For data with three or more classes, `perfcurve` takes one positive class and a list of negative classes for input. The function computes the `X` and `Y` values using counts in the positive class to estimate `TP` and `FN`, and using counts in all negative classes to estimate `TN` and `FP`. `perfcurve` can optionally compute `Y` values for each negative class separately and, in addition to `Y`, return a matrix of size `M`-by-`C`, where `M` is the number of elements in `X` or `Y` and `C` is the number of negative classes. You can use this functionality to monitor components of the negative class contribution. For example, you can plot `TP` counts on the `X`-axis and `FP` counts on the `Y`-axis. In this case, the returned matrix shows how the `FP` component is split across negative classes.
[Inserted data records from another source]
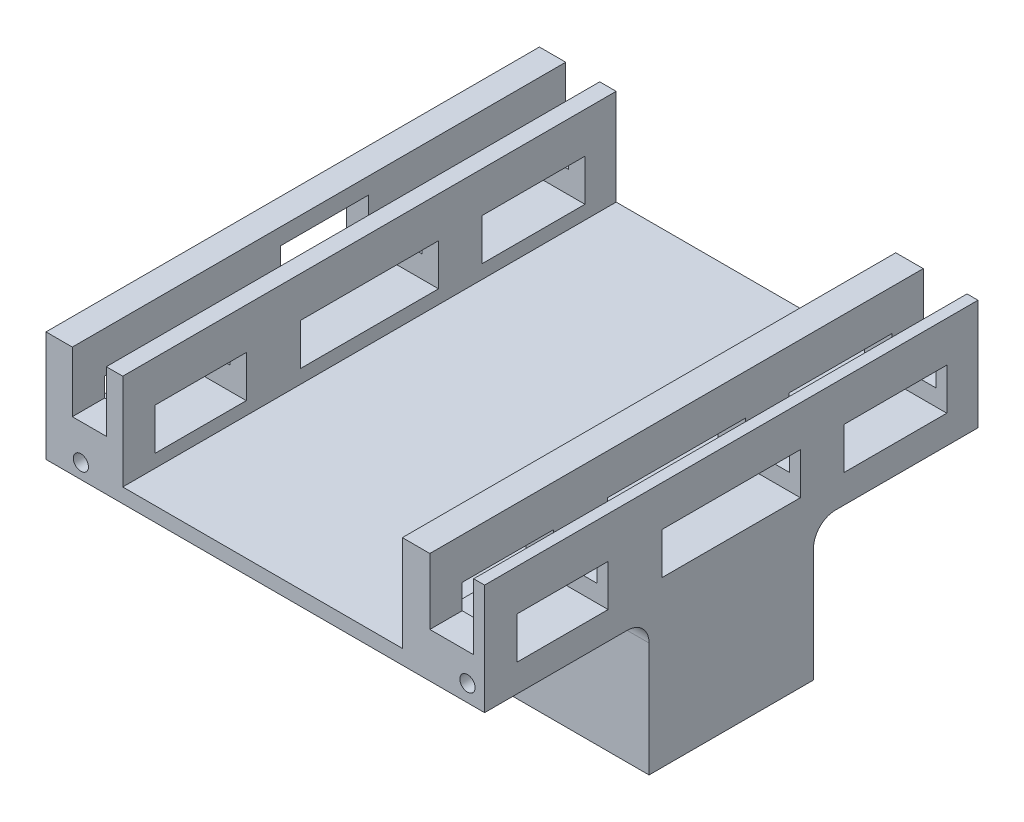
ISO-10303-21;
HEADER;
FILE_DESCRIPTION(('STEP AP214'),'2;1');
FILE_NAME('part.step','',(''),(''),'','','');
FILE_SCHEMA(('AUTOMOTIVE_DESIGN { 1 0 10303 214 1 1 1 1 }'));
ENDSEC;
DATA;
#1=APPLICATION_CONTEXT('core data for automotive mechanical design processes');
#2=APPLICATION_PROTOCOL_DEFINITION('international standard','automotive_design',2000,#1);
#3=PRODUCT_CONTEXT('',#1,'mechanical');
#4=PRODUCT('Part','Part','',(#3));
#5=PRODUCT_RELATED_PRODUCT_CATEGORY('part','',(#4));
#6=PRODUCT_DEFINITION_FORMATION('','',#4);
#7=PRODUCT_DEFINITION_CONTEXT('part definition',#1,'design');
#8=PRODUCT_DEFINITION('design','',#6,#7);
#9=PRODUCT_DEFINITION_SHAPE('','',#8);
#10=(LENGTH_UNIT() NAMED_UNIT(*) SI_UNIT(.MILLI.,.METRE.));
#11=(NAMED_UNIT(*) PLANE_ANGLE_UNIT() SI_UNIT($,.RADIAN.));
#12=(NAMED_UNIT(*) SI_UNIT($,.STERADIAN.) SOLID_ANGLE_UNIT());
#13=UNCERTAINTY_MEASURE_WITH_UNIT(LENGTH_MEASURE(1.E-05),#10,'distance_accuracy_value','');
#14=(GEOMETRIC_REPRESENTATION_CONTEXT(3) GLOBAL_UNCERTAINTY_ASSIGNED_CONTEXT((#13)) GLOBAL_UNIT_ASSIGNED_CONTEXT((#10,
#11,#12)) REPRESENTATION_CONTEXT('',''));
#15=CARTESIAN_POINT('',(0.,0.,0.));
#16=DIRECTION('',(0.,0.,1.));
#17=DIRECTION('',(1.,0.,0.));
#18=AXIS2_PLACEMENT_3D('',#15,#16,#17);
#19=CARTESIAN_POINT('',(0.,20.955,0.));
#20=DIRECTION('',(0.,-1.,0.));
#21=DIRECTION('',(0.,0.,-1.));
#22=AXIS2_PLACEMENT_3D('',#19,#20,#21);
#23=PLANE('',#22);
#24=DIRECTION('',(1.,0.,0.));
#25=VECTOR('',#24,1.);
#26=CARTESIAN_POINT('',(0.,20.955,17.526));
#27=LINE('',#26,#25);
#28=CARTESIAN_POINT('',(44.4585539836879,20.955,17.526));
#29=VERTEX_POINT('',#28);
#30=CARTESIAN_POINT('',(49.53,20.955,17.526));
#31=VERTEX_POINT('',#30);
#32=EDGE_CURVE('E788',#29,#31,#27,.T.);
#33=ORIENTED_EDGE('',*,*,#32,.F.);
#34=DIRECTION('',(0.,0.,1.));
#35=VECTOR('',#34,1.);
#36=CARTESIAN_POINT('',(44.4585539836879,20.955,-30.48));
#37=LINE('',#36,#35);
#38=CARTESIAN_POINT('',(44.4585539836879,20.955,23.7898496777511));
#39=VERTEX_POINT('',#38);
#40=EDGE_CURVE('E582',#29,#39,#37,.T.);
#41=ORIENTED_EDGE('',*,*,#40,.T.);
#42=DIRECTION('',(-1.,0.,0.));
#43=VECTOR('',#42,1.);
#44=CARTESIAN_POINT('',(5.33399999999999,20.955,23.7898496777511));
#45=LINE('',#44,#43);
#46=CARTESIAN_POINT('',(49.53,20.955,23.7898496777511));
#47=VERTEX_POINT('',#46);
#48=EDGE_CURVE('E798',#47,#39,#45,.T.);
#49=ORIENTED_EDGE('',*,*,#48,.F.);
#50=DIRECTION('',(0.,0.,-1.));
#51=VECTOR('',#50,1.);
#52=CARTESIAN_POINT('',(49.53,20.955,-19.05));
#53=LINE('',#52,#51);
#54=EDGE_CURVE('E778',#47,#31,#53,.T.);
#55=ORIENTED_EDGE('',*,*,#54,.T.);
#56=EDGE_LOOP('',(#33,#41,#49,#55));
#57=FACE_BOUND('',#56,.T.);
#58=ADVANCED_FACE('F34',(#57),#23,.F.);
#59=CARTESIAN_POINT('',(44.4585539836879,20.955,-3.52357536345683));
#60=VERTEX_POINT('',#59);
#61=CARTESIAN_POINT('',(44.4585539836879,20.955,1.524));
#62=VERTEX_POINT('',#61);
#63=EDGE_CURVE('E581',#60,#62,#37,.T.);
#64=ORIENTED_EDGE('',*,*,#63,.T.);
#65=DIRECTION('',(-1.,0.,0.));
#66=VECTOR('',#65,1.);
#67=CARTESIAN_POINT('',(0.,20.955,1.524));
#68=LINE('',#67,#66);
#69=CARTESIAN_POINT('',(49.53,20.955,1.52399999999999));
#70=VERTEX_POINT('',#69);
#71=EDGE_CURVE('E1043',#70,#62,#68,.T.);
#72=ORIENTED_EDGE('',*,*,#71,.F.);
#73=CARTESIAN_POINT('',(49.53,20.955,-3.52357536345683));
#74=VERTEX_POINT('',#73);
#75=EDGE_CURVE('E1409',#70,#74,#53,.T.);
#76=ORIENTED_EDGE('',*,*,#75,.T.);
#77=DIRECTION('',(1.,0.,0.));
#78=VECTOR('',#77,1.);
#79=CARTESIAN_POINT('',(45.466,20.955,-3.52357536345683));
#80=LINE('',#79,#78);
#81=EDGE_CURVE('E793',#60,#74,#80,.T.);
#82=ORIENTED_EDGE('',*,*,#81,.F.);
#83=EDGE_LOOP('',(#64,#72,#76,#82));
#84=FACE_BOUND('',#83,.T.);
#85=ADVANCED_FACE('F1168',(#84),#23,.F.);
#86=DIRECTION('',(1.,0.,0.));
#87=VECTOR('',#86,1.);
#88=CARTESIAN_POINT('',(5.33399999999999,20.955,34.3528770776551));
#89=LINE('',#88,#87);
#90=CARTESIAN_POINT('',(44.4585539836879,20.955,34.3528770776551));
#91=VERTEX_POINT('',#90);
#92=CARTESIAN_POINT('',(49.53,20.955,34.3528770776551));
#93=VERTEX_POINT('',#92);
#94=EDGE_CURVE('E801',#91,#93,#89,.T.);
#95=ORIENTED_EDGE('',*,*,#94,.F.);
#96=CARTESIAN_POINT('',(44.4585539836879,20.955,38.1));
#97=VERTEX_POINT('',#96);
#98=EDGE_CURVE('E583',#91,#97,#37,.T.);
#99=ORIENTED_EDGE('',*,*,#98,.T.);
#100=DIRECTION('',(1.,0.,0.));
#101=VECTOR('',#100,1.);
#102=CARTESIAN_POINT('',(49.53,20.955,38.1));
#103=LINE('',#102,#101);
#104=CARTESIAN_POINT('',(49.53,20.955,38.1));
#105=VERTEX_POINT('',#104);
#106=EDGE_CURVE('E781',#97,#105,#103,.T.);
#107=ORIENTED_EDGE('',*,*,#106,.T.);
#108=EDGE_CURVE('E774',#105,#93,#53,.T.);
#109=ORIENTED_EDGE('',*,*,#108,.T.);
#110=EDGE_LOOP('',(#95,#99,#107,#109));
#111=FACE_BOUND('',#110,.T.);
#112=ADVANCED_FACE('F1175',(#111),#23,.F.);
#113=CARTESIAN_POINT('',(0.,17.4625,0.));
#114=DIRECTION('',(0.,1.,0.));
#115=DIRECTION('',(0.,0.,1.));
#116=AXIS2_PLACEMENT_3D('',#113,#114,#115);
#117=PLANE('',#116);
#118=DIRECTION('',(1.,0.,0.));
#119=VECTOR('',#118,1.);
#120=CARTESIAN_POINT('',(46.99,17.4625,38.1));
#121=LINE('',#120,#119);
#122=CARTESIAN_POINT('',(8.89,17.4625,38.1));
#123=VERTEX_POINT('',#122);
#124=CARTESIAN_POINT('',(41.275,17.4625,38.1));
#125=VERTEX_POINT('',#124);
#126=EDGE_CURVE('E833',#123,#125,#121,.T.);
#127=ORIENTED_EDGE('',*,*,#126,.T.);
#128=DIRECTION('',(0.,0.,1.));
#129=VECTOR('',#128,1.);
#130=CARTESIAN_POINT('',(41.275,17.4625,-30.48));
#131=LINE('',#130,#129);
#132=CARTESIAN_POINT('',(41.275,17.4625,-19.05));
#133=VERTEX_POINT('',#132);
#134=EDGE_CURVE('E589',#133,#125,#131,.T.);
#135=ORIENTED_EDGE('',*,*,#134,.F.);
#136=DIRECTION('',(-1.,0.,0.));
#137=VECTOR('',#136,1.);
#138=CARTESIAN_POINT('',(46.99,17.4625,-19.05));
#139=LINE('',#138,#137);
#140=CARTESIAN_POINT('',(8.89,17.4625,-19.05));
#141=VERTEX_POINT('',#140);
#142=EDGE_CURVE('E829',#133,#141,#139,.T.);
#143=ORIENTED_EDGE('',*,*,#142,.T.);
#144=DIRECTION('',(0.,0.,1.));
#145=VECTOR('',#144,1.);
#146=CARTESIAN_POINT('',(8.89,17.4625,38.1));
#147=LINE('',#146,#145);
#148=EDGE_CURVE('E831',#141,#123,#147,.T.);
#149=ORIENTED_EDGE('',*,*,#148,.T.);
#150=EDGE_LOOP('',(#127,#135,#143,#149));
#151=FACE_BOUND('',#150,.T.);
#152=ADVANCED_FACE('F1192',(#151),#117,.T.);
#153=CARTESIAN_POINT('',(0.,19.05,17.526));
#154=DIRECTION('',(0.,-1.,0.));
#155=DIRECTION('',(0.,0.,-1.));
#156=AXIS2_PLACEMENT_3D('',#153,#154,#155);
#157=PLANE('',#156);
#158=DIRECTION('',(0.,0.,1.));
#159=VECTOR('',#158,1.);
#160=CARTESIAN_POINT('',(3.048,19.05,1.524));
#161=LINE('',#160,#159);
#162=CARTESIAN_POINT('',(3.048,19.05,1.524));
#163=VERTEX_POINT('',#162);
#164=CARTESIAN_POINT('',(3.048,19.05,17.526));
#165=VERTEX_POINT('',#164);
#166=EDGE_CURVE('E679',#163,#165,#161,.T.);
#167=ORIENTED_EDGE('',*,*,#166,.T.);
#168=DIRECTION('',(1.,0.,0.));
#169=VECTOR('',#168,1.);
#170=CARTESIAN_POINT('',(0.,19.05,17.526));
#171=LINE('',#170,#169);
#172=CARTESIAN_POINT('',(8.89,19.05,17.526));
#173=VERTEX_POINT('',#172);
#174=EDGE_CURVE('E884',#165,#173,#171,.T.);
#175=ORIENTED_EDGE('',*,*,#174,.T.);
#176=DIRECTION('',(0.,0.,-1.));
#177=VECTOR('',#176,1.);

You can also use `perfcurve` to estimate confidence intervals. `perfcurve` computes confidence bounds using either cross-validation or bootstrap. If you supply cell arrays for `labels` and `scores`, `perfcurve` uses cross-validation and treats elements in the cell arrays as cross-validation folds. If you set input parameter `NBoot` to a positive integer, `perfcurve` generates `nboot` bootstrap replicas to compute pointwise confidence bounds.

`perfcurve` estimates the confidence bounds using one of two methods:

• Vertical averaging (VA) — estimate confidence bounds on `Y` and `T` at fixed values of `X`. Use the `XVals` input parameter to use this method for computing confidence bounds.

• Threshold averaging (TA) — estimate confidence bounds for `X` and `Y` at fixed thresholds for the positive class score. Use the `TVals` input parameter to use this method for computing confidence bounds.

To use observation weights instead of observation counts, you can use the `'Weights'` parameter in your call to `perfcurve`. When you use this parameter, to compute `X`, `Y` and `T` or to compute confidence bounds by cross-validation, `perfcurve` uses your supplied observation weights instead of observation counts. To compute confidence bounds by bootstrap, `perfcurve` samples N out of N with replacement using your weights as multinomial sampling probabilities.